Data extract:
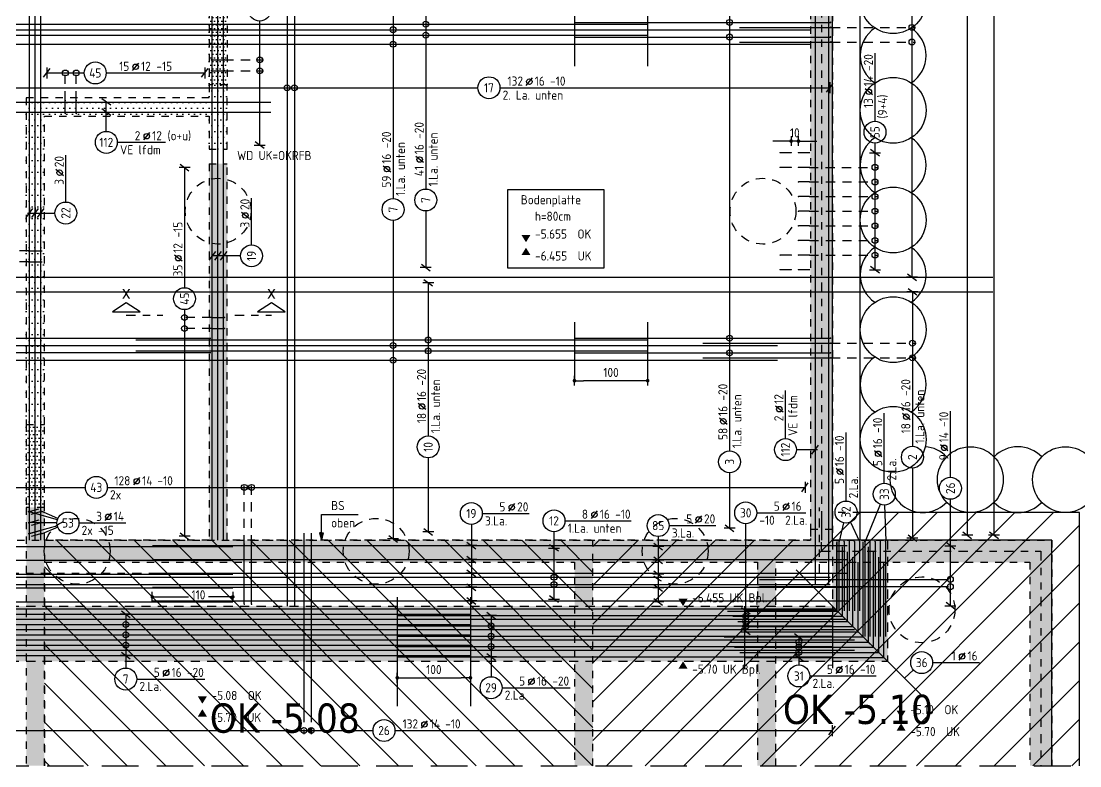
# Model space of a CAD drawing. Extents: x -45 to 98, y -32 to 51.
# Drawn here: x 29.08 to 43.55, y 25.48 to 35.66 of the extents above; entities that cross this region are included whole.
import ezdxf
from ezdxf.enums import TextEntityAlignment as Align

# ---------------------------------------------------------------- set-up
doc = ezdxf.new("R2010")
doc.units = 0
doc.header["$LTSCALE"] = 0.5
for name, pattern in [('AUSGEZOGEN', [1000.01, 1000, 0.01]), ('DASHDOTSMALL', [1.05, 0.5, -0.25, 0.05, -0.25]), ('DIVIDE2', [0.625, 0.25, -0.125, 0, -0.125, 0, -0.125]), ('DOT', [0.175, 0.05, -0.125]), ('GESTRICHELTX2', [1.5, 1, -0.5]), ('HIDDEN2', [0.187, 0.125, -0.062]), ('STRICHPUNKT2', [0.55, 0.25, -0.125, 0.05, -0.125]), ('VERDECKT', [0.375, 0.25, -0.125])]:
    doc.linetypes.add(name, pattern=pattern)
for name, color, linetype in [('2.UG', 7, 'Continuous'), ('AFB', 7, 'Continuous'), ('AFU', 7, 'Continuous'), ('BETON', 7, 'Continuous'), ('Brüstung 2.UG', 7, 'Continuous'), ('DRUEBER', 7, 'Continuous'), ('grau_hell', 7, 'Continuous'), ('Gründungspfähle', 7, 'Continuous'), ('HILFE', 7, 'Continuous'), ('koten', 7, 'Continuous'), ('MASSE', 7, 'Continuous'), ('OBJEKT', 7, 'Continuous'), ('RND', 7, 'Continuous'), ('RND-1', 7, 'Continuous'), ('SCHNITTE', 7, 'Continuous'), ('SCHRAFF', 7, 'Continuous'), ('TEXT', 7, 'Continuous'), ('VERDECKT', 7, 'Continuous'), ('Versprung oberseitig', 7, 'Continuous')]:
    doc.layers.add(name, color=color, linetype=linetype)
doc.layers.add('NOPLOT', color=7, linetype='Continuous', plot=False)
doc.layers.add('Verbau', color=7, linetype='Continuous', plot=False)
doc.styles.add('helv', font='tahoma.ttf')
doc.styles.add('txt', font='isocp.shx')
doc.dimstyles.new('DOT_I', dxfattribs={"dimscale": 0.5, "dimtxt": 0.25, "dimasz": 0.25, "dimexe": 0.1, "dimexo": 0.3, "dimgap": 0.1, "dimtad": 1, "dimdec": 3, "dimzin": 3, "dimtxsty": 'txt', "dimblk": 'DOT', "dimblk1": 'DOT', "dimblk2": 'DOT', "dimsah": 1, "dimcen": 0.1, "dimse1": 1, "dimse2": 1, "dimazin": 0, "dimtfac": 1, "dimtdec": 4, "dimtix": 1, "dimtmove": 2, "dimatfit": 3, "dimfxl": 0, "dimtvp": 1, "dimtolj": 1, "dimtzin": 0, "dimarcsym": 0})
pattern_1 = [(0, (-77.654074, 499.4113), (0.025, 0.05), [0, -0.05])]
pattern_2 = [(0, (-1.49329, 1.68888), (0.0396875, 0.079375), [0, -0.079375])]

# ---------------------------------------------------------------- blocks, each defined once
blk = doc.blocks.new('Pfeillinie')
at = {"layer": 'TEXT', "linetype": 'Continuous'}
blk.add_hatch(color=7, dxfattribs=at).paths.add_polyline_path([(0, 0), (-0.8, 0.2), (-0.8, 0), (-0.8, -0.2)])
at = {"layer": 'TEXT', "color": 7, "linetype": 'Continuous'}
for p, q in [((-0.8, 0), (-0.8, 0.2)), ((-0.8, 0.2), (0, 0)), ((-0.8, 0), (-0.8, -0.2)), ((-0.8, -0.2), (0, 0))]:
    blk.add_line(p, q, dxfattribs=at)
blk = doc.blocks.new('okrd_o')
at = {"layer": 'koten', "color": 7, "linetype": 'Continuous'}
blk.add_solid([(-0.125, 0.202), (0.125, 0.202), (0, 0)], dxfattribs=at)
at = {"layer": 'koten', "style": 'txt'}
blk.add_attdef('OKRD', (0.25, 0.1), '', height=0.25, dxfattribs=at)
blk = doc.blocks.new('okrd_u')
at = {"layer": 'koten', "color": 7, "linetype": 'Continuous'}
blk.add_solid([(-0.125, -0.202), (0.125, -0.202), (0, 0)], dxfattribs=at)
at = {"layer": 'koten', "style": 'txt'}
blk.add_attdef('OKRD', (0.25, -0.35), '', height=0.25, dxfattribs=at)
blk = doc.blocks.new('lei_gre')
at = {"layer": 'RND', "color": 7, "linetype": 'Continuous'}
for p, q in [((-0.09, -0.12), (0.09, 0.12)), ((0, 0.15), (0, -0.15))]:
    blk.add_line(p, q, dxfattribs=at)
blk = doc.blocks.new('RND_LEI')
at = {"layer": 'RND', "color": 7, "linetype": 'Continuous'}
blk.add_line((1.022, 0.066), (1.19, 0.27), dxfattribs=at)
for centre, radius in [((0, 0), 0.3), ((1.106, 0.168), 0.075)]:
    blk.add_circle(centre, radius, dxfattribs=at)
at = {"layer": 'RND', "color": 7, "linetype": 'Continuous', "style": 'txt'}
blk.add_attdef('ANZ', text='', height=0.25, dxfattribs=at).set_placement((0.931, 0.057), align=Align.RIGHT)
for tag, p in [('DUM', (1.253, 0.057)), ('ABSTD', (1.674, 0.057)), ('POSTXT', (0.374, -0.327))]:
    blk.add_attdef(tag, p, '', height=0.25, dxfattribs=at)
blk.add_attdef('POSL', text='', height=0.25, dxfattribs=at).set_placement((0, 0), align=Align.MIDDLE)
blk = doc.blocks.new('DOT')
at = {"layer": 'MASSE', "color": 7, "linetype": 'Continuous'}
for p, q in [((0, 0), (-1, 0)), ((0, 0.54), (0, -0.54))]:
    blk.add_line(p, q, dxfattribs=at)
at = {"layer": 'MASSE', "color": 7, "linetype": 'Continuous', "const_width": 0.2}
blk.add_lwpolyline([(-0.1, 0, 1), (0.1, 0, 1)], format="xyb", close=True, dxfattribs=at)
blk = doc.blocks.new('*D31')
at = {"layer": 'Defpoints', "color": 0, "linetype": 'AUSGEZOGEN', "transparency": 16777216}
for p in [(34.22, 26.682), (35.22, 26.682), (35.22, 26.682)]:
    blk.add_point(p, dxfattribs=at)
at = {"layer": 'MASSE', "color": 0, "linetype": 'AUSGEZOGEN', "lineweight": -2, "transparency": 16777216}
blk.add_line((34.345, 26.682), (35.095, 26.682), dxfattribs=at)
at = {"layer": 'MASSE', "color": 0, "linetype": 'AUSGEZOGEN', "lineweight": -2, "transparency": 16777216, "xscale": 0.125, "yscale": 0.125, "zscale": 0.125, "rotation": 180}
blk.add_blockref('DOT', (34.22, 26.682), dxfattribs=at)
at = {"layer": 'MASSE', "color": 0, "linetype": 'AUSGEZOGEN', "lineweight": -2, "transparency": 16777216, "xscale": 0.125, "yscale": 0.125, "zscale": 0.125}
blk.add_blockref('DOT', (35.22, 26.682), dxfattribs=at)
at = {"layer": 'MASSE', "color": 0, "linetype": 'AUSGEZOGEN', "transparency": 16777216, "insert": (34.72, 26.795), "char_height": 0.125, "attachment_point": 5, "style": 'txt'}
blk.add_mtext('\\A1;100', dxfattribs=at)
blk = doc.blocks.new('*D32')
at = {"layer": 'Defpoints', "color": 0, "linetype": 'AUSGEZOGEN', "transparency": 16777216}
for p in [(36.643, 30.745), (36.643, 30.745), (37.643, 30.745)]:
    blk.add_point(p, dxfattribs=at)
at = {"layer": 'MASSE', "color": 0, "linetype": 'AUSGEZOGEN', "lineweight": -2, "transparency": 16777216}
blk.add_line((37.518, 30.745), (36.768, 30.745), dxfattribs=at)
at = {"layer": 'MASSE', "color": 0, "linetype": 'AUSGEZOGEN', "lineweight": -2, "transparency": 16777216, "xscale": 0.125, "yscale": 0.125, "zscale": 0.125, "rotation": 180}
blk.add_blockref('DOT', (36.643, 30.745), dxfattribs=at)
at = {"layer": 'MASSE', "color": 0, "linetype": 'AUSGEZOGEN', "lineweight": -2, "transparency": 16777216, "xscale": 0.125, "yscale": 0.125, "zscale": 0.125}
blk.add_blockref('DOT', (37.643, 30.745), dxfattribs=at)
at = {"layer": 'MASSE', "color": 0, "linetype": 'AUSGEZOGEN', "transparency": 16777216, "insert": (37.143, 30.858), "char_height": 0.125, "attachment_point": 5, "style": 'txt'}
blk.add_mtext('\\A1;100', dxfattribs=at)
blk = doc.blocks.new('*D42')
at = {"layer": 'Defpoints', "color": 0, "linetype": 'AUSGEZOGEN', "transparency": 16777216}
for p in [(30.87, 27.788), (30.87, 27.788), (31.97, 27.788)]:
    blk.add_point(p, dxfattribs=at)
at = {"layer": 'MASSE', "color": 0, "linetype": 'AUSGEZOGEN', "lineweight": -2, "transparency": 16777216}
for p, q in [((30.995, 27.788), (31.364, 27.788)), ((31.845, 27.788), (31.639, 27.788))]:
    blk.add_line(p, q, dxfattribs=at)
at = {"layer": 'MASSE', "color": 0, "linetype": 'AUSGEZOGEN', "lineweight": -2, "transparency": 16777216, "xscale": 0.125, "yscale": 0.125, "zscale": 0.125, "rotation": 180}
blk.add_blockref('DOT', (30.87, 27.788), dxfattribs=at)
at = {"layer": 'MASSE', "color": 0, "linetype": 'AUSGEZOGEN', "lineweight": -2, "transparency": 16777216, "xscale": 0.125, "yscale": 0.125, "zscale": 0.125}
blk.add_blockref('DOT', (31.97, 27.788), dxfattribs=at)
at = {"layer": 'MASSE', "color": 0, "linetype": 'AUSGEZOGEN', "transparency": 16777216, "insert": (31.501, 27.817), "char_height": 0.125, "attachment_point": 5, "style": 'txt'}
blk.add_mtext('\\A1;110', dxfattribs=at)
blk = doc.blocks.new('*D46')
at = {"layer": 'Defpoints', "color": 0, "linetype": 'AUSGEZOGEN', "transparency": 16777216}
for p in [(39.606, 34.022), (39.606, 34.022), (39.706, 34.022)]:
    blk.add_point(p, dxfattribs=at)
at = {"layer": 'MASSE', "color": 0, "linetype": 'AUSGEZOGEN', "lineweight": -2, "transparency": 16777216}
for p, q in [((39.481, 34.022), (39.356, 34.022)), ((39.706, 34.022), (39.606, 34.022)), ((39.831, 34.022), (39.956, 34.022))]:
    blk.add_line(p, q, dxfattribs=at)
at = {"layer": 'MASSE', "color": 0, "linetype": 'AUSGEZOGEN', "lineweight": -2, "transparency": 16777216, "xscale": 0.125, "yscale": 0.125, "zscale": 0.125}
blk.add_blockref('DOT', (39.606, 34.022), dxfattribs=at)
at = {"layer": 'MASSE', "color": 0, "linetype": 'AUSGEZOGEN', "lineweight": -2, "transparency": 16777216, "xscale": 0.125, "yscale": 0.125, "zscale": 0.125, "rotation": 180}
blk.add_blockref('DOT', (39.706, 34.022), dxfattribs=at)
at = {"layer": 'MASSE', "color": 0, "linetype": 'AUSGEZOGEN', "transparency": 16777216, "insert": (39.656, 34.134), "char_height": 0.125, "attachment_point": 5, "style": 'txt'}
blk.add_mtext('\\A1;10', dxfattribs=at)
blk = doc.blocks.new('SCHN-2')
at = {"layer": 'SCHNITTE', "color": 6, "linetype": 'Continuous'}
blk.add_lwpolyline([(0.378, 0.088), (0, 0.34), (-0.378, 0.088)], close=True, dxfattribs=at)
at = {"layer": 'SCHNITTE', "color": 1, "linetype": 'DASHDOTSMALL', "style": 'helv'}
blk.add_attdef('SCHN-2', text='', height=0.35, dxfattribs=at).set_placement((0, 0.45), align=Align.CENTER)

msp = doc.modelspace()

# ---------------------------------------------------------------- hatches: boundary and pattern name
at = {"layer": 'Brüstung 2.UG', "linetype": 'DOT'}
h = msp.add_hatch(dxfattribs=at)
h.set_pattern_fill('DOTS', color=102, scale=0.8, double=1)
h.set_pattern_definition(pattern_1)
h.paths.add_polyline_path([(31.8952, 36.8024), (31.6452, 36.8024), (31.6452, 34.7924), (31.8952, 34.7924)])
h = msp.add_hatch(dxfattribs=at)
h.set_pattern_fill('DOTS', color=102, scale=0.8, double=1)
h.set_pattern_definition(pattern_1)
h.paths.add_polyline_path([(29.3952, 30.1474), (29.1452, 30.1474), (29.1452, 29.0124), (29.3952, 29.0124)])
at = {"layer": 'DRUEBER', "linetype": 'AUSGEZOGEN'}
h = msp.add_hatch(dxfattribs=at)
h.set_pattern_fill('ANSI31', color=8, scale=3, style=0, double=1)
h.set_pattern_definition([(45, (-77.65407, 499.4113), (-0.26516504, 0.26516504), [])])
h.paths.add_polyline_path([(36.8952, 25.4783), (43.5502, 25.4783), (43.5502, 28.9424), (40.1702, 28.9424), (40.1702, 28.7124), (39.8702, 28.7124), (39.8702, 28.5624), (36.8952, 28.5624)])
at = {"layer": 'grau_hell'}
h = msp.add_hatch(color=9, dxfattribs=at)
h.paths.add_polyline_path([(40.9252, 26.9074), (40.1702, 27.6624), (4.1702, 27.6624), (4.1702, 26.9074)])
h.paths.add_polyline_path([(40.1702, 27.6624), (40.9252, 26.9074), (40.9252, 28.5624), (40.1702, 28.5624)])
at = {"layer": 'SCHRAFF', "linetype": 'AUSGEZOGEN'}
h = msp.add_hatch(dxfattribs=at)
h.set_pattern_fill('DOTS', scale=0.05, double=1)
h.set_pattern_definition(pattern_2)
h.paths.add_polyline_path([(8.1452, 36.9874), (8.8102, 36.9874), (8.8102, 37.2874), (7.6802, 37.2874), (7.6802, 38.6474), (15.1502, 38.6474), (15.1502, 37.2874), (14.9502, 37.2874), (14.9502, 36.9874), (17.5702, 36.9874), (17.5702, 33.9874), (17.8202, 33.9874), (17.8202, 36.9874), (24.1202, 36.9874), (24.1202, 33.9974), (24.3702, 33.9974), (24.3702, 36.9874), (26.9202, 36.9874), (26.9202, 38.7074), (26.6702, 38.7074), (26.6702, 37.2874), (22.2902, 37.2874), (22.2902, 40.0624), (26.6702, 40.0624), (26.6702, 39.8424), (26.9202, 39.8424), (26.9202, 40.0624), (29.1452, 40.0624), (29.1452, 39.0124), (29.3952, 39.0124), (29.3952, 40.0624), (37.9202, 40.0624), (37.9202, 37.2874), (29.3952, 37.2874), (29.3952, 37.8774), (29.1452, 37.8774), (29.1452, 36.9874), (31.6452, 36.9874), (31.6452, 36.8024), (31.8952, 36.8024), (31.8952, 36.9874), (39.8702, 36.9874), (39.8702, 28.5624), (31.8952, 28.5624), (31.8952, 33.7124), (31.6452, 33.7124), (31.6452, 28.5624), (29.3952, 28.5624), (29.3952, 29.0124), (29.1452, 29.0124), (29.1452, 25.4783), (29.3952, 25.4783), (29.3952, 28.2624), (36.6452, 28.2624), (36.6452, 25.4783), (36.8952, 25.4783), (36.8952, 28.2624), (39.1452, 28.2624), (39.1452, 25.4783), (39.3952, 25.4783), (39.3952, 28.2624), (42.8702, 28.2624), (42.8702, 25.4783), (43.1702, 25.4783), (43.1702, 28.5624), (40.1702, 28.5624), (40.1702, 40.3624), (21.9902, 40.3624), (21.9902, 37.2874), (15.4502, 37.2874), (15.4502, 38.9474), (7.3802, 38.9474), (7.3802, 36.3474), (4.1702, 36.3474), (4.1702, 25.4783), (4.4702, 25.4783), (4.4702, 28.2624), (7.8952, 28.2624), (7.8952, 25.4783), (8.1452, 25.4783), (8.1452, 29.2374), (7.8952, 29.2374), (7.8952, 28.5624), (4.4702, 28.5624), (4.4702, 36.0474), (7.8952, 36.0474), (7.8952, 34.9724), (8.1452, 34.9724)])
h.paths.add_polyline_path([(38.2202, 37.2874), (38.2202, 40.0624), (39.8702, 40.0624), (39.8702, 37.2874)], flags=16)
h = msp.add_hatch(dxfattribs=at)
h.set_pattern_fill('DOTS', scale=0.05, double=1)
h.set_pattern_definition(pattern_2)
h.paths.add_polyline_path([(31.8952, 34.7924), (31.6452, 34.7924), (31.6452, 34.6124), (29.1452, 34.6124), (29.1452, 30.1474), (29.3952, 30.1474), (29.3952, 34.3624), (31.6452, 34.3624), (31.6452, 33.9124), (31.8952, 33.9124)])
h = msp.add_hatch(dxfattribs=at)
h.set_pattern_fill('ANSI31', color=8, scale=3, angle=90, style=0, double=1)
h.set_pattern_definition([(135, (-74.4147, 568.46895), (-0.26516504, -0.26516504), [])])
h.paths.add_polyline_path([(29.3952, 25.4783), (36.7702, 25.4783), (36.7702, 28.5624), (29.3952, 28.5624)])
h.paths.add_polyline_path([(36.7702, 25.4783), (36.8952, 25.4783), (36.8952, 28.5624), (36.7702, 28.5624)])

# ---------------------------------------------------------------- linework, layer by layer
at = {"layer": '2.UG', "color": 7, "linetype": 'DOT'}
for p, q in [((39.8702, 36.9874), (39.8702, 28.5624)), ((31.8952, 34.7924), (31.6452, 34.7924)), ((31.6452, 34.7924), (31.6452, 34.6124)), ((31.8952, 33.9124), (31.8952, 34.7924)), ((31.6452, 34.6124), (29.1452, 34.6124)), ((29.1452, 34.6124), (29.1452, 30.1474)), ((29.3952, 30.1474), (29.3952, 34.3624)), ((29.3952, 34.3624), (31.6452, 34.3624)), ((31.6452, 34.3624), (31.6452, 33.9124)), ((31.6452, 33.9124), (31.8952, 33.9124)), ((31.6452, 33.7124), (31.8952, 33.7124)), ((31.6452, 33.7124), (31.6452, 28.5624)), ((31.8952, 28.5624), (31.8952, 33.7124)), ((29.1452, 30.1474), (29.3952, 30.1474)), ((29.3952, 29.0124), (29.1452, 29.0124)), ((29.1452, 29.0124), (29.1452, 25.4783)), ((29.3952, 28.5624), (29.3952, 29.0124)), ((31.6452, 28.5624), (29.3952, 28.5624)), ((39.8702, 28.5624), (31.8952, 28.5624))]:
    msp.add_line(p, q, dxfattribs=at)
for points in [[(7.3802, 36.3474), (7.3802, 36.3474), (7.3802, 38.9474), (15.4502, 38.9474), (15.4502, 37.2874), (21.9902, 37.2874), (21.9902, 40.3624), (40.1702, 40.3624), (40.1702, 28.5624), (43.1702, 28.5624), (43.1702, 25.4783)], [(29.3952, 25.4783), (29.3952, 28.2624), (36.6452, 28.2624), (36.6452, 25.4783)], [(36.8952, 25.4783), (36.8952, 28.2624), (39.1452, 28.2624), (39.1452, 25.4783)], [(39.3952, 25.4783), (39.3952, 28.2624), (42.8702, 28.2624), (42.8702, 25.4783)]]:
    msp.add_lwpolyline(points, dxfattribs=at)
at = {"layer": 'AFB', "color": 1, "linetype": 'DIVIDE2'}
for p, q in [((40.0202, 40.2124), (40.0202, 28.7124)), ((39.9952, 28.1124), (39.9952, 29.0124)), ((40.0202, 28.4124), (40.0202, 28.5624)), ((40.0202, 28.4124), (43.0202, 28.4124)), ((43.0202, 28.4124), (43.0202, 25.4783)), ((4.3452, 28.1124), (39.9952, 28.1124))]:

Required work: Beginning with the line above that contains "blk = doc.blocks.new('*D46')", copy each line exactly up to and including the line that contains "scale=3, style=0, double=1)", and go no further.

Problem solution:
blk = doc.blocks.new('*D46')
at = {"layer": 'Defpoints', "color": 0, "linetype": 'AUSGEZOGEN', "transparency": 16777216}
for p in [(39.606, 34.022), (39.606, 34.022), (39.706, 34.022)]:
    blk.add_point(p, dxfattribs=at)
at = {"layer": 'MASSE', "color": 0, "linetype": 'AUSGEZOGEN', "lineweight": -2, "transparency": 16777216}
for p, q in [((39.481, 34.022), (39.356, 34.022)), ((39.706, 34.022), (39.606, 34.022)), ((39.831, 34.022), (39.956, 34.022))]:
    blk.add_line(p, q, dxfattribs=at)
at = {"layer": 'MASSE', "color": 0, "linetype": 'AUSGEZOGEN', "lineweight": -2, "transparency": 16777216, "xscale": 0.125, "yscale": 0.125, "zscale": 0.125}
blk.add_blockref('DOT', (39.606, 34.022), dxfattribs=at)
at = {"layer": 'MASSE', "color": 0, "linetype": 'AUSGEZOGEN', "lineweight": -2, "transparency": 16777216, "xscale": 0.125, "yscale": 0.125, "zscale": 0.125, "rotation": 180}
blk.add_blockref('DOT', (39.706, 34.022), dxfattribs=at)
at = {"layer": 'MASSE', "color": 0, "linetype": 'AUSGEZOGEN', "transparency": 16777216, "insert": (39.656, 34.134), "char_height": 0.125, "attachment_point": 5, "style": 'txt'}
blk.add_mtext('\\A1;10', dxfattribs=at)
blk = doc.blocks.new('SCHN-2')
at = {"layer": 'SCHNITTE', "color": 6, "linetype": 'Continuous'}
blk.add_lwpolyline([(0.378, 0.088), (0, 0.34), (-0.378, 0.088)], close=True, dxfattribs=at)
at = {"layer": 'SCHNITTE', "color": 1, "linetype": 'DASHDOTSMALL', "style": 'helv'}
blk.add_attdef('SCHN-2', text='', height=0.35, dxfattribs=at).set_placement((0, 0.45), align=Align.CENTER)

msp = doc.modelspace()

# ---------------------------------------------------------------- hatches: boundary and pattern name
at = {"layer": 'Brüstung 2.UG', "linetype": 'DOT'}
h = msp.add_hatch(dxfattribs=at)
h.set_pattern_fill('DOTS', color=102, scale=0.8, double=1)
h.set_pattern_definition(pattern_1)
h.paths.add_polyline_path([(31.8952, 36.8024), (31.6452, 36.8024), (31.6452, 34.7924), (31.8952, 34.7924)])
h = msp.add_hatch(dxfattribs=at)
h.set_pattern_fill('DOTS', color=102, scale=0.8, double=1)
h.set_pattern_definition(pattern_1)
h.paths.add_polyline_path([(29.3952, 30.1474), (29.1452, 30.1474), (29.1452, 29.0124), (29.3952, 29.0124)])
at = {"layer": 'DRUEBER', "linetype": 'AUSGEZOGEN'}
h = msp.add_hatch(dxfattribs=at)
h.set_pattern_fill('ANSI31', color=8, scale=3, style=0, double=1)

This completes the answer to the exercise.